• THE TASK: In the listing that follows, locate the line containing "#43=ORIENTED_EDGE('',*,*,#42,.F.);" and the line containing "#55=AXIS2_PLACEMENT_3D('',#52,#53,#54);". Retype exactly those two lines and every line between them, and nothing more.

• THE INPUT:
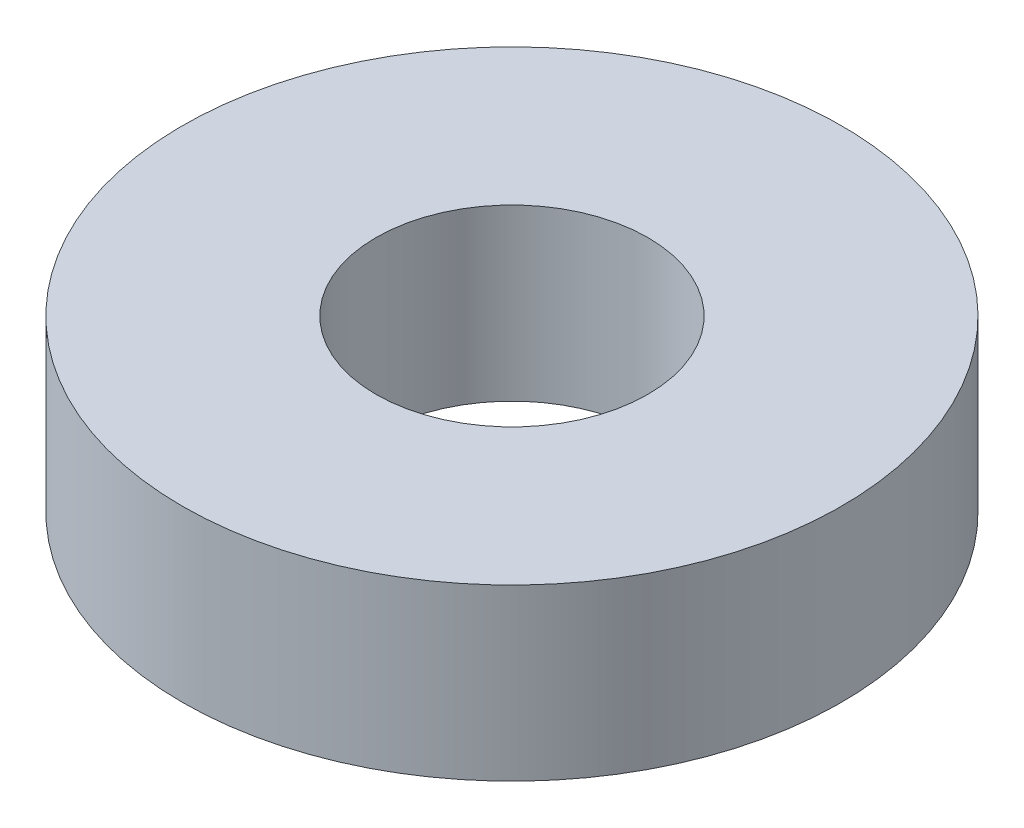
ISO-10303-21;
HEADER;
FILE_DESCRIPTION(('STEP AP214'),'2;1');
FILE_NAME('part.step','',(''),(''),'','','');
FILE_SCHEMA(('AUTOMOTIVE_DESIGN { 1 0 10303 214 1 1 1 1 }'));
ENDSEC;
DATA;
#1=APPLICATION_CONTEXT('core data for automotive mechanical design processes');
#2=APPLICATION_PROTOCOL_DEFINITION('international standard','automotive_design',2000,#1);
#3=PRODUCT_CONTEXT('',#1,'mechanical');
#4=PRODUCT('Part','Part','',(#3));
#5=PRODUCT_RELATED_PRODUCT_CATEGORY('part','',(#4));
#6=PRODUCT_DEFINITION_FORMATION('','',#4);
#7=PRODUCT_DEFINITION_CONTEXT('part definition',#1,'design');
#8=PRODUCT_DEFINITION('design','',#6,#7);
#9=PRODUCT_DEFINITION_SHAPE('','',#8);
#10=(LENGTH_UNIT() NAMED_UNIT(*) SI_UNIT(.MILLI.,.METRE.));
#11=(NAMED_UNIT(*) PLANE_ANGLE_UNIT() SI_UNIT($,.RADIAN.));
#12=(NAMED_UNIT(*) SI_UNIT($,.STERADIAN.) SOLID_ANGLE_UNIT());
#13=UNCERTAINTY_MEASURE_WITH_UNIT(LENGTH_MEASURE(1.E-05),#10,'distance_accuracy_value','');
#14=(GEOMETRIC_REPRESENTATION_CONTEXT(3) GLOBAL_UNCERTAINTY_ASSIGNED_CONTEXT((#13)) GLOBAL_UNIT_ASSIGNED_CONTEXT((#10,
#11,#12)) REPRESENTATION_CONTEXT('',''));
#15=CARTESIAN_POINT('',(0.,0.,0.));
#16=DIRECTION('',(0.,0.,1.));
#17=DIRECTION('',(1.,0.,0.));
#18=AXIS2_PLACEMENT_3D('',#15,#16,#17);
#19=CARTESIAN_POINT('',(0.,5.,0.));
#20=DIRECTION('',(0.,1.,0.));
#21=DIRECTION('',(0.,0.,1.));
#22=AXIS2_PLACEMENT_3D('',#19,#20,#21);
#23=PLANE('',#22);
#24=CARTESIAN_POINT('',(0.,5.,0.));
#25=DIRECTION('',(0.,1.,0.));
#26=DIRECTION('',(0.,0.,1.));
#27=AXIS2_PLACEMENT_3D('',#24,#25,#26);
#28=CIRCLE('',#27,9.7);
#29=CARTESIAN_POINT('',(0.,5.,9.7));
#30=VERTEX_POINT('',#29);
#31=EDGE_CURVE('E10',#30,#30,#28,.T.);
#32=ORIENTED_EDGE('',*,*,#31,.T.);
#33=EDGE_LOOP('',(#32));
#34=FACE_BOUND('',#33,.T.);
#35=CARTESIAN_POINT('',(0.,5.,0.));
#36=DIRECTION('',(0.,1.,0.));
#37=DIRECTION('',(0.,0.,1.));
#38=AXIS2_PLACEMENT_3D('',#35,#36,#37);
#39=CIRCLE('',#38,4.);
#40=CARTESIAN_POINT('',(0.,5.,4.));
#41=VERTEX_POINT('',#40);
#42=EDGE_CURVE('E43',#41,#41,#39,.T.);
#43=ORIENTED_EDGE('',*,*,#42,.F.);
#44=EDGE_LOOP('',(#43));
#45=FACE_BOUND('',#44,.T.);
#46=ADVANCED_FACE('F32',(#34,#45),#23,.T.);
#47=CARTESIAN_POINT('',(0.,0.,0.));
#48=DIRECTION('',(0.,1.,0.));
#49=DIRECTION('',(0.,0.,1.));
#50=AXIS2_PLACEMENT_3D('',#47,#48,#49);
#51=PLANE('',#50);
#52=CARTESIAN_POINT('',(0.,0.,0.));
#53=DIRECTION('',(0.,1.,0.));
#54=DIRECTION('',(0.,0.,1.));
#55=AXIS2_PLACEMENT_3D('',#52,#53,#54);
#56=CIRCLE('',#55,9.7);
#57=CARTESIAN_POINT('',(0.,0.,9.7));
#58=VERTEX_POINT('',#57);
#59=EDGE_CURVE('E36',#58,#58,#56,.T.);
#60=ORIENTED_EDGE('',*,*,#59,.F.);
#61=EDGE_LOOP('',(#60));
#62=FACE_BOUND('',#61,.T.);
#63=CARTESIAN_POINT('',(0.,0.,0.));
#64=DIRECTION('',(0.,1.,0.));
#65=DIRECTION('',(0.,0.,1.));
#66=AXIS2_PLACEMENT_3D('',#63,#64,#65);
#67=CIRCLE('',#66,4.);
#68=CARTESIAN_POINT('',(0.,0.,4.));
#69=VERTEX_POINT('',#68);
#70=EDGE_CURVE('E45',#69,#69,#67,.T.);
#71=ORIENTED_EDGE('',*,*,#70,.T.);
#72=EDGE_LOOP('',(#71));
#73=FACE_BOUND('',#72,.T.);
#74=ADVANCED_FACE('F55',(#62,#73),#51,.F.);
#75=CARTESIAN_POINT('',(0.,5.,0.));
#76=DIRECTION('',(0.,-1.,0.));
#77=DIRECTION('',(0.,0.,-1.));
#78=AXIS2_PLACEMENT_3D('',#75,#76,#77);
#79=CYLINDRICAL_SURFACE('',#78,9.7);
#80=ORIENTED_EDGE('',*,*,#31,.F.);
#81=EDGE_LOOP('',(#80));
#82=FACE_BOUND('',#81,.T.);
#83=ORIENTED_EDGE('',*,*,#59,.T.);
#84=EDGE_LOOP('',(#83));
#85=FACE_BOUND('',#84,.T.);
#86=ADVANCED_FACE('F34',(#82,#85),#79,.T.);
#87=CARTESIAN_POINT('',(0.,5.,0.));
#88=DIRECTION('',(0.,-1.,0.));
#89=DIRECTION('',(0.,0.,-1.));
#90=AXIS2_PLACEMENT_3D('',#87,#88,#89);
#91=CYLINDRICAL_SURFACE('',#90,4.);
#92=ORIENTED_EDGE('',*,*,#42,.T.);
#93=EDGE_LOOP('',(#92));
#94=FACE_BOUND('',#93,.T.);
#95=ORIENTED_EDGE('',*,*,#70,.F.);
#96=EDGE_LOOP('',(#95));
#97=FACE_BOUND('',#96,.T.);
#98=ADVANCED_FACE('F51',(#94,#97),#91,.F.);
#99=CLOSED_SHELL('',(#46,#74,#86,#98));
#100=MANIFOLD_SOLID_BREP('B2',#99);
#101=ADVANCED_BREP_SHAPE_REPRESENTATION('',(#18,#100),#14);
#102=SHAPE_DEFINITION_REPRESENTATION(#9,#101);
ENDSEC;
END-ISO-10303-21;

• RESULT OF THE EXERCISE:
#43=ORIENTED_EDGE('',*,*,#42,.F.);
#44=EDGE_LOOP('',(#43));
#45=FACE_BOUND('',#44,.T.);
#46=ADVANCED_FACE('F32',(#34,#45),#23,.T.);
#47=CARTESIAN_POINT('',(0.,0.,0.));
#48=DIRECTION('',(0.,1.,0.));
#49=DIRECTION('',(0.,0.,1.));
#50=AXIS2_PLACEMENT_3D('',#47,#48,#49);
#51=PLANE('',#50);
#52=CARTESIAN_POINT('',(0.,0.,0.));
#53=DIRECTION('',(0.,1.,0.));
#54=DIRECTION('',(0.,0.,1.));
#55=AXIS2_PLACEMENT_3D('',#52,#53,#54);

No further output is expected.